Production casing, alternatively called the 'oil string' or 'long string', is installed last and is the deepest section of casing in a well. This is the casing that provides a conduit from the surface of the well to the petroleum producing formation. The size of the production casing depends on a number of considerations, including the lifting equipment to be used, the number of completions required, and the possibility of deepening the well at a later time. For example, if it is expected that the well will be deepened at a later date, then the production casing must be wide enough to allow the passage of a drill bit later on. Well casing is a very important part of the completed well. In addition to strengthening the well hole, it also provides a conduit to allow hydrocarbons to be extracted without intermingling with other fluids and formations found underground. It is also instrumental in preventing blowouts, allowing the formation to be 'sealed' from the top should dangerous pressure levels be reached.

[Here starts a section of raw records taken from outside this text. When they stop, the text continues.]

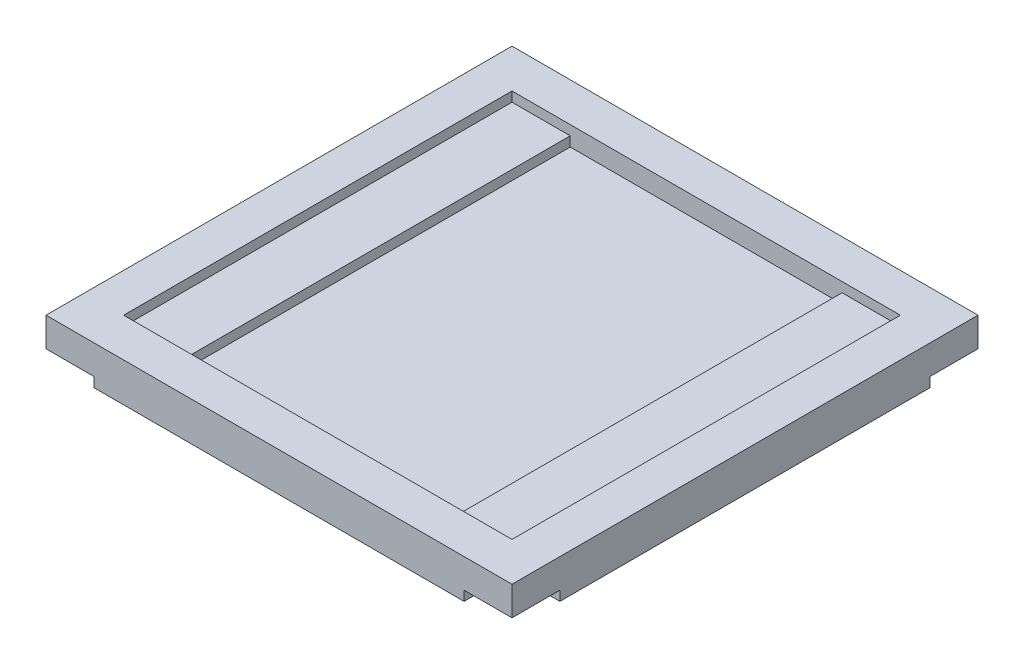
ISO-10303-21;
HEADER;
FILE_DESCRIPTION(('STEP AP214'),'2;1');
FILE_NAME('part.step','',(''),(''),'','','');
FILE_SCHEMA(('AUTOMOTIVE_DESIGN { 1 0 10303 214 1 1 1 1 }'));
ENDSEC;
DATA;
#1=APPLICATION_CONTEXT('core data for automotive mechanical design processes');
#2=APPLICATION_PROTOCOL_DEFINITION('international standard','automotive_design',2000,#1);
#3=PRODUCT_CONTEXT('',#1,'mechanical');
#4=PRODUCT('Part','Part','',(#3));
#5=PRODUCT_RELATED_PRODUCT_CATEGORY('part','',(#4));
#6=PRODUCT_DEFINITION_FORMATION('','',#4);
#7=PRODUCT_DEFINITION_CONTEXT('part definition',#1,'design');
#8=PRODUCT_DEFINITION('design','',#6,#7);
#9=PRODUCT_DEFINITION_SHAPE('','',#8);
#10=(LENGTH_UNIT() NAMED_UNIT(*) SI_UNIT(.MILLI.,.METRE.));
#11=(NAMED_UNIT(*) PLANE_ANGLE_UNIT() SI_UNIT($,.RADIAN.));
#12=(NAMED_UNIT(*) SI_UNIT($,.STERADIAN.) SOLID_ANGLE_UNIT());
#13=UNCERTAINTY_MEASURE_WITH_UNIT(LENGTH_MEASURE(1.E-05),#10,'distance_accuracy_value','');
#14=(GEOMETRIC_REPRESENTATION_CONTEXT(3) GLOBAL_UNCERTAINTY_ASSIGNED_CONTEXT((#13)) GLOBAL_UNIT_ASSIGNED_CONTEXT((#10,
#11,#12)) REPRESENTATION_CONTEXT('',''));
#15=CARTESIAN_POINT('',(0.,0.,0.));
#16=DIRECTION('',(0.,0.,1.));
#17=DIRECTION('',(1.,0.,0.));
#18=AXIS2_PLACEMENT_3D('',#15,#16,#17);
#19=CARTESIAN_POINT('',(0.,7.5,0.));
#20=DIRECTION('',(0.,1.,0.));
#21=DIRECTION('',(0.,0.,1.));
#22=AXIS2_PLACEMENT_3D('',#19,#20,#21);
#23=PLANE('',#22);
#24=DIRECTION('',(0.,0.,1.));
#25=VECTOR('',#24,1.);
#26=CARTESIAN_POINT('',(15.,7.5,-100.));
#27=LINE('',#26,#25);
#28=CARTESIAN_POINT('',(15.,7.5,-100.));
#29=VERTEX_POINT('',#28);
#30=CARTESIAN_POINT('',(15.,7.5,0.));
#31=VERTEX_POINT('',#30);
#32=EDGE_CURVE('E215',#29,#31,#27,.T.);
#33=ORIENTED_EDGE('',*,*,#32,.F.);
#34=DIRECTION('',(-1.,0.,0.));
#35=VECTOR('',#34,1.);
#36=CARTESIAN_POINT('',(0.,7.5,-100.));
#37=LINE('',#36,#35);
#38=CARTESIAN_POINT('',(0.,7.5,-100.));
#39=VERTEX_POINT('',#38);
#40=EDGE_CURVE('E267',#29,#39,#37,.T.);
#41=ORIENTED_EDGE('',*,*,#40,.T.);
#42=DIRECTION('',(0.,0.,1.));
#43=VECTOR('',#42,1.);
#44=CARTESIAN_POINT('',(0.,7.5,-100.));
#45=LINE('',#44,#43);
#46=CARTESIAN_POINT('',(0.,7.5,0.));
#47=VERTEX_POINT('',#46);
#48=EDGE_CURVE('E254',#39,#47,#45,.T.);
#49=ORIENTED_EDGE('',*,*,#48,.T.);
#50=DIRECTION('',(1.,0.,0.));
#51=VECTOR('',#50,1.);
#52=CARTESIAN_POINT('',(0.,7.5,0.));
#53=LINE('',#52,#51);
#54=EDGE_CURVE('E260',#47,#31,#53,.T.);
#55=ORIENTED_EDGE('',*,*,#54,.T.);
#56=EDGE_LOOP('',(#33,#41,#49,#55));
#57=FACE_BOUND('',#56,.T.);
#58=ADVANCED_FACE('F45',(#57),#23,.T.);
#59=CARTESIAN_POINT('',(-10.,10.,10.));
#60=DIRECTION('',(0.,0.,-1.));
#61=DIRECTION('',(-1.,0.,0.));
#62=AXIS2_PLACEMENT_3D('',#59,#60,#61);
#63=PLANE('',#62);
#64=DIRECTION('',(1.,0.,0.));
#65=VECTOR('',#64,1.);
#66=CARTESIAN_POINT('',(-10.,0.,10.));
#67=LINE('',#66,#65);
#68=CARTESIAN_POINT('',(2.34,0.,10.));
#69=VERTEX_POINT('',#68);
#70=CARTESIAN_POINT('',(97.66,0.,10.));
#71=VERTEX_POINT('',#70);
#72=EDGE_CURVE('E417',#69,#71,#67,.T.);
#73=ORIENTED_EDGE('',*,*,#72,.T.);
#74=DIRECTION('',(0.,-1.,0.));
#75=VECTOR('',#74,1.);
#76=CARTESIAN_POINT('',(97.66,2.5,10.));
#77=LINE('',#76,#75);
#78=CARTESIAN_POINT('',(97.66,2.5,10.));
#79=VERTEX_POINT('',#78);
#80=EDGE_CURVE('E306',#79,#71,#77,.T.);
#81=ORIENTED_EDGE('',*,*,#80,.F.);
#82=DIRECTION('',(-1.,0.,0.));
#83=VECTOR('',#82,1.);
#84=CARTESIAN_POINT('',(97.66,2.5,10.));
#85=LINE('',#84,#83);
#86=CARTESIAN_POINT('',(110.,2.5,10.));
#87=VERTEX_POINT('',#86);
#88=EDGE_CURVE('E301',#87,#79,#85,.T.);
#89=ORIENTED_EDGE('',*,*,#88,.F.);
#90=DIRECTION('',(0.,-1.,0.));
#91=VECTOR('',#90,1.);
#92=CARTESIAN_POINT('',(110.,10.,10.));
#93=LINE('',#92,#91);
#94=CARTESIAN_POINT('',(110.,10.,10.));
#95=VERTEX_POINT('',#94);
#96=EDGE_CURVE('E11',#95,#87,#93,.T.);
#97=ORIENTED_EDGE('',*,*,#96,.F.);
#98=DIRECTION('',(1.,0.,0.));
#99=VECTOR('',#98,1.);
#100=CARTESIAN_POINT('',(-10.,10.,10.));
#101=LINE('',#100,#99);
#102=CARTESIAN_POINT('',(-10.,10.,10.));
#103=VERTEX_POINT('',#102);
#104=EDGE_CURVE('E423',#103,#95,#101,.T.);
#105=ORIENTED_EDGE('',*,*,#104,.F.);
#106=DIRECTION('',(0.,-1.,0.));
#107=VECTOR('',#106,1.);
#108=CARTESIAN_POINT('',(-10.,10.,10.));
#109=LINE('',#108,#107);
#110=CARTESIAN_POINT('',(-10.,2.5,10.));
#111=VERTEX_POINT('',#110);
#112=EDGE_CURVE('E437',#103,#111,#109,.T.);
#113=ORIENTED_EDGE('',*,*,#112,.T.);
#114=DIRECTION('',(-1.,0.,0.));
#115=VECTOR('',#114,1.);
#116=CARTESIAN_POINT('',(-10.,2.5,10.));
#117=LINE('',#116,#115);
#118=CARTESIAN_POINT('',(2.34,2.5,10.));
#119=VERTEX_POINT('',#118);
#120=EDGE_CURVE('E404',#119,#111,#117,.T.);
#121=ORIENTED_EDGE('',*,*,#120,.F.);
#122=DIRECTION('',(0.,-1.,0.));
#123=VECTOR('',#122,1.);
#124=CARTESIAN_POINT('',(2.34,2.5,10.));
#125=LINE('',#124,#123);
#126=EDGE_CURVE('E413',#119,#69,#125,.T.);
#127=ORIENTED_EDGE('',*,*,#126,.T.);
#128=EDGE_LOOP('',(#73,#81,#89,#97,#105,#113,#121,#127));
#129=FACE_BOUND('',#128,.T.);
#130=ADVANCED_FACE('F47',(#129),#63,.F.);
#131=CARTESIAN_POINT('',(110.,10.,10.));
#132=DIRECTION('',(-1.,0.,0.));
#133=DIRECTION('',(0.,0.,1.));
#134=AXIS2_PLACEMENT_3D('',#131,#132,#133);
#135=PLANE('',#134);
#136=DIRECTION('',(0.,0.,-1.));
#137=VECTOR('',#136,1.);
#138=CARTESIAN_POINT('',(110.,0.,10.));
#139=LINE('',#138,#137);
#140=CARTESIAN_POINT('',(110.,0.,-2.34));
#141=VERTEX_POINT('',#140);
#142=CARTESIAN_POINT('',(110.,0.,-97.66));
#143=VERTEX_POINT('',#142);
#144=EDGE_CURVE('E441',#141,#143,#139,.T.);
#145=ORIENTED_EDGE('',*,*,#144,.T.);
#146=DIRECTION('',(0.,-1.,0.));
#147=VECTOR('',#146,1.);
#148=CARTESIAN_POINT('',(110.,2.5,-97.66));
#149=LINE('',#148,#147);
#150=CARTESIAN_POINT('',(110.,2.5,-97.66));
#151=VERTEX_POINT('',#150);
#152=EDGE_CURVE('E336',#151,#143,#149,.T.);
#153=ORIENTED_EDGE('',*,*,#152,.F.);
#154=DIRECTION('',(0.,0.,1.));
#155=VECTOR('',#154,1.);
#156=CARTESIAN_POINT('',(110.,2.5,-97.66));
#157=LINE('',#156,#155);
#158=CARTESIAN_POINT('',(110.,2.5,-110.));
#159=VERTEX_POINT('',#158);
#160=EDGE_CURVE('E353',#159,#151,#157,.T.);
#161=ORIENTED_EDGE('',*,*,#160,.F.);
#162=DIRECTION('',(0.,-1.,0.));
#163=VECTOR('',#162,1.);
#164=CARTESIAN_POINT('',(110.,10.,-110.));
#165=LINE('',#164,#163);
#166=CARTESIAN_POINT('',(110.,10.,-110.));
#167=VERTEX_POINT('',#166);
#168=EDGE_CURVE('E54',#167,#159,#165,.T.);
#169=ORIENTED_EDGE('',*,*,#168,.F.);
#170=DIRECTION('',(0.,0.,-1.));
#171=VECTOR('',#170,1.);
#172=CARTESIAN_POINT('',(110.,10.,10.));
#173=LINE('',#172,#171);
#174=EDGE_CURVE('E427',#95,#167,#173,.T.);
#175=ORIENTED_EDGE('',*,*,#174,.F.);
#176=ORIENTED_EDGE('',*,*,#96,.T.);
#177=DIRECTION('',(0.,0.,1.));
#178=VECTOR('',#177,1.);
#179=CARTESIAN_POINT('',(110.,2.5,10.));
#180=LINE('',#179,#178);
#181=CARTESIAN_POINT('',(110.,2.5,-2.34));
#182=VERTEX_POINT('',#181);
#183=EDGE_CURVE('E321',#182,#87,#180,.T.);
#184=ORIENTED_EDGE('',*,*,#183,.F.);
#185=DIRECTION('',(0.,-1.,0.));
#186=VECTOR('',#185,1.);
#187=CARTESIAN_POINT('',(110.,2.5,-2.34));
#188=LINE('',#187,#186);
#189=EDGE_CURVE('E302',#182,#141,#188,.T.);
#190=ORIENTED_EDGE('',*,*,#189,.T.);
#191=EDGE_LOOP('',(#145,#153,#161,#169,#175,#176,#184,#190));
#192=FACE_BOUND('',#191,.T.);
#193=ADVANCED_FACE('F468',(#192),#135,.F.);
#194=CARTESIAN_POINT('',(-10.,10.,-110.));
#195=DIRECTION('',(0.,0.,1.));
#196=DIRECTION('',(1.,0.,0.));
#197=AXIS2_PLACEMENT_3D('',#194,#195,#196);
#198=PLANE('',#197);
#199=DIRECTION('',(-1.,0.,0.));
#200=VECTOR('',#199,1.);
#201=CARTESIAN_POINT('',(-10.,0.,-110.));
#202=LINE('',#201,#200);
#203=CARTESIAN_POINT('',(97.66,0.,-110.));
#204=VERTEX_POINT('',#203);
#205=CARTESIAN_POINT('',(2.33999999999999,0.,-110.));
#206=VERTEX_POINT('',#205);
#207=EDGE_CURVE('E445',#204,#206,#202,.T.);
#208=ORIENTED_EDGE('',*,*,#207,.T.);
#209=DIRECTION('',(0.,-1.,0.));
#210=VECTOR('',#209,1.);
#211=CARTESIAN_POINT('',(2.33999999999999,2.5,-110.));
#212=LINE('',#211,#210);
#213=CARTESIAN_POINT('',(2.33999999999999,2.5,-110.));
#214=VERTEX_POINT('',#213);
#215=EDGE_CURVE('E367',#214,#206,#212,.T.);
#216=ORIENTED_EDGE('',*,*,#215,.F.);
#217=DIRECTION('',(1.,0.,0.));
#218=VECTOR('',#217,1.);
#219=CARTESIAN_POINT('',(-9.99999999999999,2.5,-110.));
#220=LINE('',#219,#218);
#221=CARTESIAN_POINT('',(-9.99999999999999,2.5,-110.));
#222=VERTEX_POINT('',#221);
#223=EDGE_CURVE('E382',#222,#214,#220,.T.);
#224=ORIENTED_EDGE('',*,*,#223,.F.);
#225=DIRECTION('',(0.,-1.,0.));
#226=VECTOR('',#225,1.);
#227=CARTESIAN_POINT('',(-10.,10.,-110.));
#228=LINE('',#227,#226);
#229=CARTESIAN_POINT('',(-10.,10.,-110.));
#230=VERTEX_POINT('',#229);
#231=EDGE_CURVE('E455',#230,#222,#228,.T.);
#232=ORIENTED_EDGE('',*,*,#231,.F.);
#233=DIRECTION('',(-1.,0.,0.));
#234=VECTOR('',#233,1.);
#235=CARTESIAN_POINT('',(-10.,10.,-110.));
#236=LINE('',#235,#234);
#237=EDGE_CURVE('E431',#167,#230,#236,.T.);
#238=ORIENTED_EDGE('',*,*,#237,.F.);
#239=ORIENTED_EDGE('',*,*,#168,.T.);
#240=DIRECTION('',(1.,0.,0.));
#241=VECTOR('',#240,1.);
#242=CARTESIAN_POINT('',(97.66,2.5,-110.));
#243=LINE('',#242,#241);
#244=CARTESIAN_POINT('',(97.66,2.5,-110.));
#245=VERTEX_POINT('',#244);
#246=EDGE_CURVE('E356',#245,#159,#243,.T.);
#247=ORIENTED_EDGE('',*,*,#246,.F.);
#248=DIRECTION('',(0.,-1.,0.));
#249=VECTOR('',#248,1.);
#250=CARTESIAN_POINT('',(97.66,2.5,-110.));
#251=LINE('',#250,#249);
#252=EDGE_CURVE('E331',#245,#204,#251,.T.);
#253=ORIENTED_EDGE('',*,*,#252,.T.);
#254=EDGE_LOOP('',(#208,#216,#224,#232,#238,#239,#247,#253));
#255=FACE_BOUND('',#254,.T.);
#256=ADVANCED_FACE('F464',(#255),#198,.F.);
#257=CARTESIAN_POINT('',(-10.,10.,10.));
#258=DIRECTION('',(1.,0.,0.));
#259=DIRECTION('',(0.,0.,-1.));
#260=AXIS2_PLACEMENT_3D('',#257,#258,#259);
#261=PLANE('',#260);
#262=DIRECTION('',(0.,0.,-1.));
#263=VECTOR('',#262,1.);
#264=CARTESIAN_POINT('',(-9.99999999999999,2.5,-97.66));
#265=LINE('',#264,#263);
#266=CARTESIAN_POINT('',(-9.99999999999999,2.5,-97.66));
#267=VERTEX_POINT('',#266);
#268=EDGE_CURVE('E385',#267,#222,#265,.T.);
#269=ORIENTED_EDGE('',*,*,#268,.F.);
#270=DIRECTION('',(0.,-1.,0.));
#271=VECTOR('',#270,1.);
#272=CARTESIAN_POINT('',(-9.99999999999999,2.5,-97.66));
#273=LINE('',#272,#271);
#274=CARTESIAN_POINT('',(-9.99999999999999,0.,-97.66));
#275=VERTEX_POINT('',#274);
#276=EDGE_CURVE('E362',#267,#275,#273,.T.);
#277=ORIENTED_EDGE('',*,*,#276,.T.);
#278=DIRECTION('',(0.,0.,1.));
#279=VECTOR('',#278,1.);
#280=CARTESIAN_POINT('',(-10.,0.,10.));
#281=LINE('',#280,#279);
#282=CARTESIAN_POINT('',(-10.,0.,-2.34));
#283=VERTEX_POINT('',#282);
#284=EDGE_CURVE('E428',#275,#283,#281,.T.);
#285=ORIENTED_EDGE('',*,*,#284,.T.);
#286=DIRECTION('',(0.,-1.,0.));
#287=VECTOR('',#286,1.);
#288=CARTESIAN_POINT('',(-10.,2.5,-2.34));
#289=LINE('',#288,#287);
#290=CARTESIAN_POINT('',(-10.,2.5,-2.34));
#291=VERTEX_POINT('',#290);
#292=EDGE_CURVE('E407',#291,#283,#289,.T.);
#293=ORIENTED_EDGE('',*,*,#292,.F.);
#294=DIRECTION('',(0.,0.,-1.));
#295=VECTOR('',#294,1.);
#296=CARTESIAN_POINT('',(-10.,2.5,10.));
#297=LINE('',#296,#295);
#298=EDGE_CURVE('E391',#111,#291,#297,.T.);
#299=ORIENTED_EDGE('',*,*,#298,.F.);
#300=ORIENTED_EDGE('',*,*,#112,.F.);
#301=DIRECTION('',(0.,0.,1.));
#302=VECTOR('',#301,1.);
#303=CARTESIAN_POINT('',(-10.,10.,10.));
#304=LINE('',#303,#302);
#305=EDGE_CURVE('E434',#230,#103,#304,.T.);
#306=ORIENTED_EDGE('',*,*,#305,.F.);
#307=ORIENTED_EDGE('',*,*,#231,.T.);
#308=EDGE_LOOP('',(#269,#277,#285,#293,#299,#300,#306,#307));
#309=FACE_BOUND('',#308,.T.);
#310=ADVANCED_FACE('F496',(#309),#261,.F.);
#311=CARTESIAN_POINT('',(0.,10.,0.));
#312=DIRECTION('',(0.,1.,0.));
#313=DIRECTION('',(0.,0.,1.));
#314=AXIS2_PLACEMENT_3D('',#311,#312,#313);
#315=PLANE('',#314);
#316=DIRECTION('',(0.,0.,1.));
#317=VECTOR('',#316,1.);
#318=CARTESIAN_POINT('',(0.,10.,-100.));
#319=LINE('',#318,#317);
#320=CARTESIAN_POINT('',(0.,10.,-100.));
#321=VERTEX_POINT('',#320);
#322=CARTESIAN_POINT('',(0.,10.,0.));
#323=VERTEX_POINT('',#322);
#324=EDGE_CURVE('E69',#321,#323,#319,.T.);
#325=ORIENTED_EDGE('',*,*,#324,.F.);
#326=DIRECTION('',(-1.,0.,0.));
#327=VECTOR('',#326,1.);
#328=CARTESIAN_POINT('',(0.,10.,-100.));
#329=LINE('',#328,#327);
#330=CARTESIAN_POINT('',(100.,10.,-100.));
#331=VERTEX_POINT('',#330);
#332=EDGE_CURVE('E259',#331,#321,#329,.T.);
#333=ORIENTED_EDGE('',*,*,#332,.F.);
#334=DIRECTION('',(0.,0.,-1.));
#335=VECTOR('',#334,1.);
#336=CARTESIAN_POINT('',(100.,10.,-100.));
#337=LINE('',#336,#335);
#338=CARTESIAN_POINT('',(100.,10.,0.));
#339=VERTEX_POINT('',#338);
#340=EDGE_CURVE('E278',#339,#331,#337,.T.);
#341=ORIENTED_EDGE('',*,*,#340,.F.);
#342=DIRECTION('',(1.,0.,0.));
#343=VECTOR('',#342,1.);
#344=CARTESIAN_POINT('',(0.,10.,0.));
#345=LINE('',#344,#343);
#346=EDGE_CURVE('E275',#323,#339,#345,.T.);
#347=ORIENTED_EDGE('',*,*,#346,.F.);
#348=EDGE_LOOP('',(#325,#333,#341,#347));
#349=FACE_BOUND('',#348,.T.);
#350=ORIENTED_EDGE('',*,*,#104,.T.);
#351=ORIENTED_EDGE('',*,*,#174,.T.);
#352=ORIENTED_EDGE('',*,*,#237,.T.);
#353=ORIENTED_EDGE('',*,*,#305,.T.);
#354=EDGE_LOOP('',(#350,#351,#352,#353));
#355=FACE_BOUND('',#354,.T.);
#356=ADVANCED_FACE('F501',(#349,#355),#315,.T.);
#357=CARTESIAN_POINT('',(0.,0.,0.));
#358=DIRECTION('',(0.,1.,0.));
#359=DIRECTION('',(0.,0.,1.));
#360=AXIS2_PLACEMENT_3D('',#357,#358,#359);
#361=PLANE('',#360);
#362=ORIENTED_EDGE('',*,*,#284,.F.);
#363=DIRECTION('',(-1.,0.,0.));
#364=VECTOR('',#363,1.);
#365=CARTESIAN_POINT('',(-9.99999999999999,0.,-97.66));
#366=LINE('',#365,#364);
#367=CARTESIAN_POINT('',(2.33999999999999,0.,-97.66));
#368=VERTEX_POINT('',#367);
#369=EDGE_CURVE('E342',#368,#275,#366,.T.);
#370=ORIENTED_EDGE('',*,*,#369,.F.);
#371=DIRECTION('',(0.,0.,1.));
#372=VECTOR('',#371,1.);
#373=CARTESIAN_POINT('',(2.33999999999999,0.,-97.66));
#374=LINE('',#373,#372);
#375=EDGE_CURVE('E372',#206,#368,#374,.T.);
#376=ORIENTED_EDGE('',*,*,#375,.F.);
#377=ORIENTED_EDGE('',*,*,#207,.F.);
#378=DIRECTION('',(0.,0.,-1.));
#379=VECTOR('',#378,1.);
#380=CARTESIAN_POINT('',(97.66,0.,-97.66));
#381=LINE('',#380,#379);
#382=CARTESIAN_POINT('',(97.66,0.,-97.66));
#383=VERTEX_POINT('',#382);
#384=EDGE_CURVE('E309',#383,#204,#381,.T.);
#385=ORIENTED_EDGE('',*,*,#384,.F.);
#386=DIRECTION('',(-1.,0.,0.));
#387=VECTOR('',#386,1.);
#388=CARTESIAN_POINT('',(97.66,0.,-97.66));
#389=LINE('',#388,#387);
#390=EDGE_CURVE('E343',#143,#383,#389,.T.);
#391=ORIENTED_EDGE('',*,*,#390,.F.);
#392=ORIENTED_EDGE('',*,*,#144,.F.);
#393=DIRECTION('',(1.,0.,0.));
#394=VECTOR('',#393,1.);
#395=CARTESIAN_POINT('',(97.66,0.,-2.34));
#396=LINE('',#395,#394);
#397=CARTESIAN_POINT('',(97.66,0.,-2.34));
#398=VERTEX_POINT('',#397);
#399=EDGE_CURVE('E310',#398,#141,#396,.T.);
#400=ORIENTED_EDGE('',*,*,#399,.F.);
#401=DIRECTION('',(0.,0.,-1.));
#402=VECTOR('',#401,1.);
#403=CARTESIAN_POINT('',(97.66,0.,10.));
#404=LINE('',#403,#402);
#405=EDGE_CURVE('E313',#71,#398,#404,.T.);
#406=ORIENTED_EDGE('',*,*,#405,.F.);
#407=ORIENTED_EDGE('',*,*,#72,.F.);
#408=DIRECTION('',(0.,0.,1.));
#409=VECTOR('',#408,1.);
#410=CARTESIAN_POINT('',(2.34,0.,10.));
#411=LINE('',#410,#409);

Once the casing has been set, and in most cases cemented into place, proper lifting equipment is installed to bring the hydrocarbons from the formation to the surface.

Once the casing is installed, tubing is inserted inside the casing, from the opening well at the top, to the formation at the bottom. The hydrocarbons that are extracted run up this tubing to the surface. This tubing may also be attached to pumping systems for more efficient extraction, should that be necessary.

A. Comprehension

Answer the questions:

1. What stages are included in the process of well completion?

2. Why do most wells need casing?

3. What does the type of casing used depend on?

4. What is the first type of casing? Explain its purpose.

5. What types of casing are usually used to protect neighboring formations from being contaminated? Justify your answer.

6. How can specialists minimize potential hazards while completing a well?

7. Where can liner strings be installed?

8. What parameters should be taken into consideration for the production casing installation?

9. Name as many functions of well casing as you can.

10. What equipment is used to extract oil up to the surface?